It’s a hard thing to direct an odyssey film, particularly as your opening number. I didn’t quite know what to expect of Once Upon a River walking into it and on walking out I was baffled, thought it wasn’t for me. I’ve come to an understanding with it and see it as much more complicated than at first believed. It’s a beast of a film thematically, tackling issues of race and class and sex and just…a lot of things. This is a “kitchen sink” film and it shows.
Haroula Rose has done a solid job with the film, adapting the novel by author Bonnie Jo Campbell (I’m going to read that thanks to her, so that’s a win). It follows the harrowing journey of Margo Crane (Kenadi DelaCerna) as she flees downriver after her father (Tatanka Means) is killed, desperately searching for her mother (LIndsay Pulsipher). She was sexually manipulated by her uncle and the resulting brotherly feud ended in a gunshot, leading to her predicament.

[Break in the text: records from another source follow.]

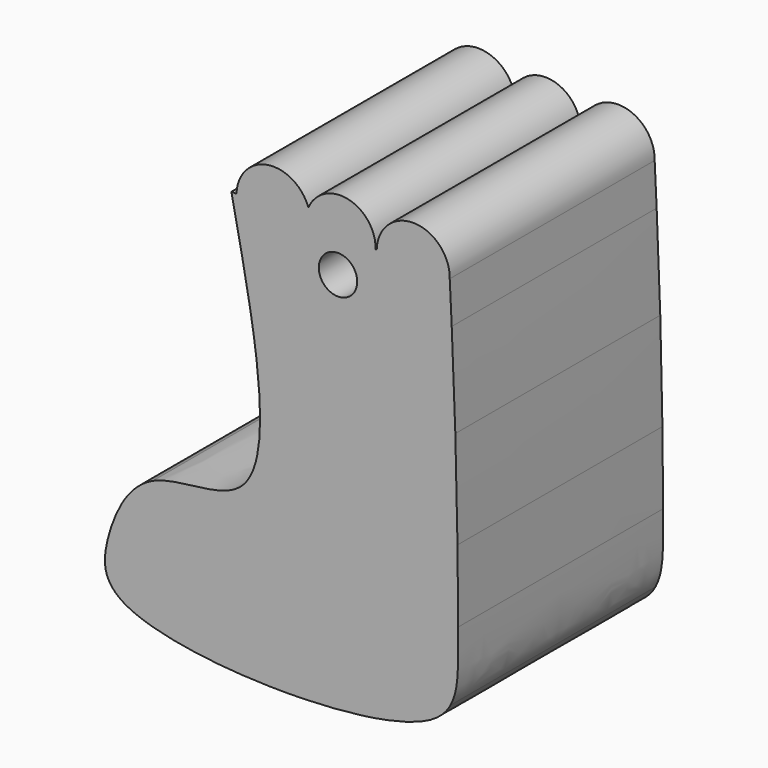
from build123d import *

# Parameters (mm, degrees)
F0_W         = 8.8834874332
F0_H         = 7.0633614465
F1_DEPTH     = 25.4
F3_D         = 3.81
F4_TEXT_SIZE = 10.8793701252
F5_DEPTH     = 12.7


# Not quite as in the source:
# - Text() gives the source's letters only with a copy of the font that has no kerning and outlines rounded to 1/6400 em; it was checked with that copy


with BuildPart() as f1:
    # F0 (on Front) → F1 (new body)
    with BuildSketch(Plane.XZ):
        with BuildLine():
            Line((17.4911456118, 45.1942725744), (16.9817954302, 45.2073328197))
            add(Edge.make_bspline(
                [(16.9817954302, 45.2073328197), (17.3464826654, 43.4358490372), (17.7111699007, 41.6643652547), (18.0519473906, 39.9250312339)],
                knots=[0, 0, 0, 0, 0.027586504, 0.027586504, 0.027586504, 0.027586504], degree=3))
            Line((18.0519473906, 39.9250312339), (23.0847798847, 40.0780397075))
            Line((23.0847798847, 40.0780397075), (32.514764863, 40.3647306731))
            Line((32.514764863, 40.3647306731), (38.8323951836, 40.5567996468))
            add(Edge.make_bspline(
                [(38.8323951836, 40.5567996468), (38.7678147825, 41.9468781146), (38.7015548335, 43.2994968341), (38.6352948844, 44.6521155536)],
                knots=[0.9590756675, 0.9590756675, 0.9590756675, 0.9590756675, 1, 1, 1, 1], degree=3))
            Line((38.6352948844, 44.6521155536), (31.3937513584, 44.8377959332))
            Line((31.3937513584, 44.8377959332), (31.2858317281, 44.8405630999))
            Line((31.2858317281, 44.8405630999), (24.8236937195, 45.0062587467))
            ThreePointArc((24.8236937195, 45.0062587467), (24.7464126591, 44.3455922006), (24.551071234, 43.7097507306))
            ThreePointArc((24.551071234, 43.7097507306), (24.3781358463, 44.3537349909), (24.3312585865, 45.0188852734))
            Line((24.3312585865, 45.0188852734), (17.4911456118, 45.1942725744))
        make_face()
        with BuildLine():
            Line((23.0847798847, 40.0780397075), (18.0519473906, 39.9250312339))
            add(Edge.make_bspline(
                [(18.0519473906, 39.9250312339), (18.6434304526, 36.9060917708), (19.1628827915, 33.9840069818), (19.4852816166, 31.3268862665)],
                knots=[0.027586504, 0.027586504, 0.027586504, 0.027586504, 0.0754680405, 0.0754680405, 0.0754680405, 0.0754680405], degree=3))
            Line((19.4852816166, 31.3268862665), (23.3508329734, 31.3268862665))
            Line((23.3508329734, 31.3268862665), (23.0847798847, 40.0780397075))
        make_face()
        with BuildLine():
            ThreePointArc((24.6178733019, 46.3150345149), (20.5876676644, 48.7232182403), (17.4911456118, 45.1942725744))
            Line((17.4911456118, 45.1942725744), (24.3312585865, 45.0188852734))
            ThreePointArc((24.3312585865, 45.0188852734), (24.4121620653, 45.6807591307), (24.6178733019, 46.3150345149))
        make_face()
        with BuildLine():
            Line((23.3508329734, 31.3268862665), (19.4852816166, 31.3268862665))
            add(Edge.make_bspline(
                [(19.4852816166, 31.3268862665), (19.9723990897, 27.3122006416), (20.0096696973, 23.9023926246), (19.1658624516, 21.6773083549)],
                knots=[0.0754680405, 0.0754680405, 0.0754680405, 0.0754680405, 0.1478130098, 0.1478130098, 0.1478130098, 0.1478130098], degree=3))
            Line((19.1658624516, 21.6773083549), (23.6442000164, 21.6773083549))
            Line((23.6442000164, 21.6773083549), (23.3508329734, 31.3268862665))
        make_face()
        Polygon((32.514764863, 40.3647306731), (23.0847798847, 40.0780397075), (23.3508329734, 31.3268862665), (32.514764863, 31.3268862665), align=None)
        with BuildLine():
            ThreePointArc((24.6178733019, 46.3150345149), (24.4121620653, 45.6807591307), (24.3312585865, 45.0188852734))
            Line((24.3312585865, 45.0188852734), (24.8236937195, 45.0062587467))
            ThreePointArc((24.8236937195, 45.0062587467), (24.7803722454, 45.6700176618), (24.6178733019, 46.3150345149))
        make_face()
        with BuildLine():
            Line((24.8236937195, 45.0062587467), (24.3312585865, 45.0188852734))
            ThreePointArc((24.3312585865, 45.0188852734), (24.3781358463, 44.3537349909), (24.551071234, 43.7097507306))
            ThreePointArc((24.551071234, 43.7097507306), (24.7464126591, 44.3455922006), (24.8236937195, 45.0062587467))
        make_face()
        with BuildLine():
            ThreePointArc((31.2858317281, 44.8405630999), (28.5595801014, 48.3261072786), (24.6178733019, 46.3150345149))
            ThreePointArc((24.6178733019, 46.3150345149), (24.7803722454, 45.6700176618), (24.8236937195, 45.0062587467))
            Line((24.8236937195, 45.0062587467), (31.2858317281, 44.8405630999))
        make_face()
        with BuildLine():
            Line((23.6442000164, 21.6773083549), (19.1658624516, 21.6773083549))
            add(Edge.make_bspline(
                [(19.1658624516, 21.6773083549), (18.8999700041, 20.9761611376), (18.5465913094, 20.3926505561), (18.0922336876, 19.9449192733)],
                knots=[0.1478130098, 0.1478130098, 0.1478130098, 0.1478130098, 0.1706096628, 0.1706096628, 0.1706096628, 0.1706096628], degree=3))
            Line((18.0922336876, 19.9449192733), (18.0922336876, 14.5258473803))
            Line((18.0922336876, 14.5258473803), (23.8616191594, 14.5258473803))
            Line((23.8616191594, 14.5258473803), (23.6442000164, 21.6773083549))
        make_face()
        Polygon((32.514764863, 31.3268862665), (23.3508329734, 31.3268862665), (23.6442000164, 21.6773083549), (32.514764863, 21.6773083549), align=None)
        with BuildLine():
            Line((38.8323951836, 40.5567996468), (32.514764863, 40.3647306731))
            Line((32.514764863, 40.3647306731), (32.514764863, 31.3268862665))
            Line((32.514764863, 31.3268862665), (39.1905121505, 31.3268862665))
            add(Edge.make_bspline(
                [(39.1905121505, 31.3268862665), (39.0873786126, 34.7657053136), (38.963339397, 37.7382551895), (38.8323951836, 40.5567996468)],
                knots=[0.8760968623, 0.8760968623, 0.8760968623, 0.8760968623, 0.9590756675, 0.9590756675, 0.9590756675, 0.9590756675], degree=3))
        make_face()
        with BuildLine():
            Line((18.0922336876, 14.5258473803), (18.0922336876, 19.9449192733))
            add(Edge.make_bspline(
                [(18.0922336876, 19.9449192733), (16.0380433262, 17.9206871668), (11.9198206578, 18.6718148997), (9.2087462544, 17.4464378506)],
                knots=[0.1706096628, 0.1706096628, 0.1706096628, 0.1706096628, 0.2736753153, 0.2736753153, 0.2736753153, 0.2736753153], degree=3))
            Line((9.2087462544, 17.4464378506), (9.2087462544, 14.5258473803))
            Line((9.2087462544, 14.5258473803), (18.0922336876, 14.5258473803))
        make_face()
        Polygon((32.514764863, 21.6773083549), (23.6442000164, 21.6773083549), (23.8616191594, 14.5258473803), (32.514764863, 14.5258473803), align=None)
        with BuildLine():
            Line((39.1905121505, 31.3268862665), (32.514764863, 31.3268862665))
            Line((32.514764863, 31.3268862665), (32.514764863, 21.6773083549))
            Line((32.514764863, 21.6773083549), (39.4045704056, 21.6773083549))
            add(Edge.make_bspline(
                [(39.4045704056, 21.6773083549), (39.355195461, 24.9426445986), (39.280878936, 28.3137536902), (39.1905121505, 31.3268862665)],
                knots=[0.8033898842, 0.8033898842, 0.8033898842, 0.8033898842, 0.8760968623, 0.8760968623, 0.8760968623, 0.8760968623], degree=3))
        make_face()
        with BuildLine():
            ThreePointArc((38.6352948844, 44.6521155536), (35.1073633112, 48.3657275064), (31.3937513584, 44.8377959332))
            Line((31.3937513584, 44.8377959332), (38.6352948844, 44.6521155536))
        make_face()
        with BuildLine():
            Line((9.2087462544, 14.5258473803), (9.2087462544, 17.4464378506))
            add(Edge.make_bspline(
                [(9.2087462544, 17.4464378506), (7.881095101, 16.8463535259), (6.8909059976, 15.772264171), (6.1572941287, 14.5258473803)],
                knots=[0.2736753153, 0.2736753153, 0.2736753153, 0.2736753153, 0.3241480107, 0.3241480107, 0.3241480107, 0.3241480107], degree=3))
            Line((6.1572941287, 14.5258473803), (9.2087462544, 14.5258473803))
        make_face()
        Polygon((23.8616191594, 14.5258473803), (18.0922336876, 14.5258473803), (18.0922336876, 7.4624859338), (24.0763598953, 7.4624859338), align=None)
        with Locations((13.650489971, 10.9941666571)):
            Rectangle(F0_W, F0_H)
        Polygon((32.514764863, 14.5258473803), (23.8616191594, 14.5258473803), (24.0763598953, 7.4624859338), (32.514764863, 7.4624859338), align=None)
        with BuildLine():
            Line((39.4045704056, 21.6773083549), (32.514764863, 21.6773083549))
            Line((32.514764863, 21.6773083549), (32.514764863, 14.5258473803))
            Line((32.514764863, 14.5258473803), (39.4702205591, 14.5258473803))
            add(Edge.make_bspline(
                [(39.4702205591, 14.5258473803), (39.4658796197, 16.7051044992), (39.4426379535, 19.1597694509), (39.4045704056, 21.6773083549)],
                knots=[0.747333591, 0.747333591, 0.747333591, 0.747333591, 0.8033898842, 0.8033898842, 0.8033898842, 0.8033898842], degree=3))
        make_face()
        with BuildLine():
            Line((9.2087462544, 14.5258473803), (6.1572941287, 14.5258473803))
            add(Edge.make_bspline(
                [(6.1572941287, 14.5258473803), (5.5155959091, 13.4355931608), (4.5618813514, 10.8186738094), (4.2600951947, 8.5229474358), (4.7670030035, 7.4624859338)],
                knots=[0.3241480107, 0.3241480107, 0.3241480107, 0.3241480107, 0.3682970221, 0.4186852087, 0.4186852087, 0.4186852087, 0.4186852087], degree=3))
            Line((4.7670030035, 7.4624859338), (9.2087462544, 7.4624859338))
            Line((9.2087462544, 7.4624859338), (9.2087462544, 14.5258473803))
        make_face()
        with BuildLine():
            Line((24.0763598953, 7.4624859338), (18.0922336876, 7.4624859338))
            Line((18.0922336876, 7.4624859338), (18.0922336876, 3.3729356904))
            add(Edge.make_bspline(
                [(18.0922336876, 3.3729356904), (20.099146483, 3.2533127163), (22.1774787817, 3.2204141732), (24.2036201482, 3.2765770024)],
                knots=[0.5258084959, 0.5258084959, 0.5258084959, 0.5258084959, 0.5574700226, 0.5574700226, 0.5574700226, 0.5574700226], degree=3))
            Line((24.2036201482, 3.2765770024), (24.0763598953, 7.4624859338))
        make_face()
        with BuildLine():
            Line((18.0922336876, 3.3729356904), (18.0922336876, 7.4624859338))
            Line((18.0922336876, 7.4624859338), (9.2087462544, 7.4624859338))
            Line((9.2087462544, 7.4624859338), (9.2087462544, 4.6875571956))
            add(Edge.make_bspline(
                [(9.2087462544, 4.6875571956), (11.5864606855, 4.0146036507), (14.7396972954, 3.5727651873), (18.0922336876, 3.3729356904)],
                knots=[0.4729180959, 0.4729180959, 0.4729180959, 0.4729180959, 0.5258084959, 0.5258084959, 0.5258084959, 0.5258084959], degree=3))
        make_face()
        with BuildLine():
            Line((32.514764863, 7.4624859338), (24.0763598953, 7.4624859338))
            Line((24.0763598953, 7.4624859338), (24.2036201482, 3.2765770024))
            add(Edge.make_bspline(
                [(24.2036201482, 3.2765770024), (27.2271407945, 3.3603862944), (30.1344412871, 3.6425198147), (32.514764863, 4.1307432053)],
                knots=[0.5574700226, 0.5574700226, 0.5574700226, 0.5574700226, 0.6047171108, 0.6047171108, 0.6047171108, 0.6047171108], degree=3))
            Line((32.514764863, 4.1307432053), (32.514764863, 7.4624859338))
        make_face()
        with BuildLine():
            Line((39.4702205591, 14.5258473803), (32.514764863, 14.5258473803))
            Line((32.514764863, 14.5258473803), (32.514764863, 7.4624859338))
            Line((32.514764863, 7.4624859338), (38.7136678135, 7.4624859338))
            add(Edge.make_bspline(
                [(38.7136678135, 7.4624859338), (39.4293060448, 8.7850444348), (39.4690280381, 10.9759851586), (39.4716651821, 13.8006115358), (39.4702205591, 14.5258473803)],
                knots=[0.6714867917, 0.6714867917, 0.6714867917, 0.6714867917, 0.7286785949, 0.747333591, 0.747333591, 0.747333591, 0.747333591], degree=3))
        make_face()
        with BuildLine():
            Line((9.2087462544, 7.4624859338), (4.7670030035, 7.4624859338))
            add(Edge.make_bspline(
                [(4.7670030035, 7.4624859338), (5.0628283766, 6.843613204), (6.0278449875, 5.8047185865), (8.0926387159, 5.0034439626), (9.2087462544, 4.6875571956)],
                knots=[0.4186852087, 0.4186852087, 0.4186852087, 0.4186852087, 0.4480911556, 0.4729180959, 0.4729180959, 0.4729180959, 0.4729180959], degree=3))
            Line((9.2087462544, 4.6875571956), (9.2087462544, 7.4624859338))
        make_face()
        with BuildLine():
            Line((38.7136678135, 7.4624859338), (32.514764863, 7.4624859338))
            Line((32.514764863, 7.4624859338), (32.514764863, 4.1307432053))
            add(Edge.make_bspline(
                [(32.514764863, 4.1307432053), (33.9406417249, 4.4232019463), (36.8584099283, 5.2876246741), (38.2323268238, 6.572928068), (38.7136678135, 7.4624859338)],
                knots=[0.6047171108, 0.6047171108, 0.6047171108, 0.6047171108, 0.6330193679, 0.6714867917, 0.6714867917, 0.6714867917, 0.6714867917], degree=3))
        make_face()
    extrude(amount=F1_DEPTH)

    # F3 (through all)
    with Locations(Plane(origin=(0, 0, 0), x_dir=(1, 0, 0), z_dir=(0, 1, 0))):
        with Locations((27.5558941066, -41.4037778974)):
            Hole(F3_D / 2)

    # F4 (on Front) → F5 (join)
    with BuildSketch(Plane.XZ):
        with Locations((5.734984763, 6.7141260952)):
            Text('Kaitlyn', F4_TEXT_SIZE, font='Open Sans', font_style=FontStyle.ITALIC, text_align=(TextAlign.LEFT, TextAlign.BOTTOM))
    extrude(amount=F5_DEPTH)


solid = f1.part
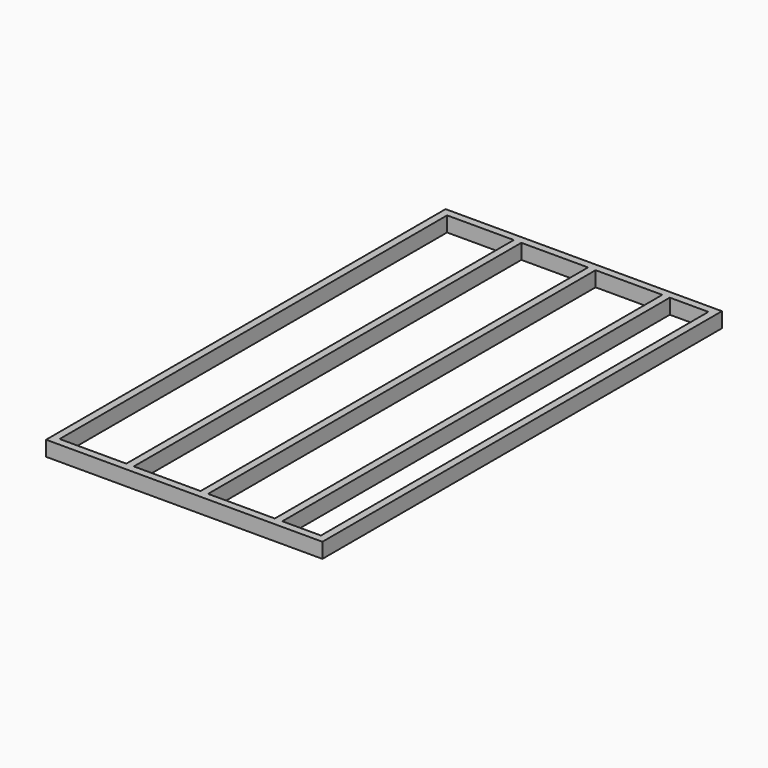
from build123d import *

# Parameters (mm, degrees)
F0_W     = 1512.7224
F0_H     = 2733.7512
F0_W_2   = 41.148
F0_H_2   = 2651.4552
F1_DEPTH = 82.55


# Not quite as in the source:
# - a feature names something its author has since deleted; it is built from what else it names


with BuildPart() as f1:
    # F0 (on Top) → F1 (new body)
    with BuildSketch(Plane.XY):
        Rectangle(F0_W, F0_H)
        Polygon((715.2132, 1325.7276), (715.2132, -1325.7276), (503.9868, -1325.7276), (462.8388, -1325.7276), (97.5868, -1325.7276), (56.4388, -1325.7276), (-308.8132, -1325.7276), (-349.9612, -1325.7276), (-715.2132, -1325.7276), (-715.2132, 1325.7276), (-349.9612, 1325.7276), (-308.8132, 1325.7276), (56.4388, 1325.7276), (97.5868, 1325.7276), (462.8388, 1325.7276), (503.9868, 1325.7276), align=None, mode=Mode.SUBTRACT)
        with Locations((483.4128, 0)):
            Rectangle(F0_W_2, F0_H_2)
        with Locations((77.0128, 0)):
            Rectangle(F0_W_2, F0_H_2)
        with Locations((-329.3872, 0)):
            Rectangle(F0_W_2, F0_H_2)
    extrude(amount=F1_DEPTH)


solid = f1.part

Right off the bat, let’s talk visuals because this thing is an absolute animal. Weaving together visuals that remind me of how Terrence Malick shoots river country with the trailer park communities that surround it must have been difficult but somehow Rose and cinematographer Charlotte Hornsby have nailed it, leaving every shot a thing that feels organically beautiful. Nights feel dark and comforting in places, dangerous in others. Days are covered in fog and sunshine and shots of the river flowing beneath the forest. This was possibly the most absolutely stunning film at the festival in terms of imagery and I can’t wait to see what the director and cinematographer do next (please work together again!).

And performances across the board are wondrous but Kenadi DelaCerna knocks it out of the damn park. Margo Crane is shown to have an affinity for killing early on, hunting deer off-season and nailing them in the eyes to preserve the pelts. She also makes a case for sex-positive filmmaking, contrasting the scene where she has sex with her uncle (it’s gross and awkward and looks unsatisfying) with another one later, where she hooks up with someone thoughtful and intelligent in a moment of bonding. My companion leaned over to me and whispered, positing that it was learned behavior and that the character felt that was just what she did with men after how she was treated and that it was ingrained after a pseudo-rape. I posit that it skewed more toward a balance, making sure the audience got to see that sexual experiences can vary. Whole scenes get recontextualized and there’s a refreshing feeling to it.
All of this said I just had a hard time connecting with the film. The plot, like so many American odyssey stories, is very meandering and episodic. Stories like this work for so many on that level but I had issues getting emotionally attached to a lot of scenes. There’s an ambiguity to the end of the film, implying that everything continues to flow just like the river and that life will go on despite all of these things, but it left me feeling hollow and like I just seen a rant. Have you ever been in a bar and listen to someone tell an interesting story that ultimately makes a cool statement but then they go to pee before finishing it and wind up leaving before you hear the ending? Yeah, it felt like that.

Before the film premiered a lot of the Tallgrass staff also made a big deal of the score. It’s not a bad one, but if they were going to highlight one from a festival film I could name a couple of others that had more interesting music involved. I’m not being nit-picky as the score was perfectly serviceable, just pointing it out because I think that needs acknowledging.
End of the day this was a film I can’t nail down an opinion on. This rarely happens but it does occur now and then, usually with things like this that say important things and take you on a journey but feel thematically caught up in their own metaphor to the detriment of the narrative. I’ll say it’s worth your time but I wouldn’t rush to find it or anything.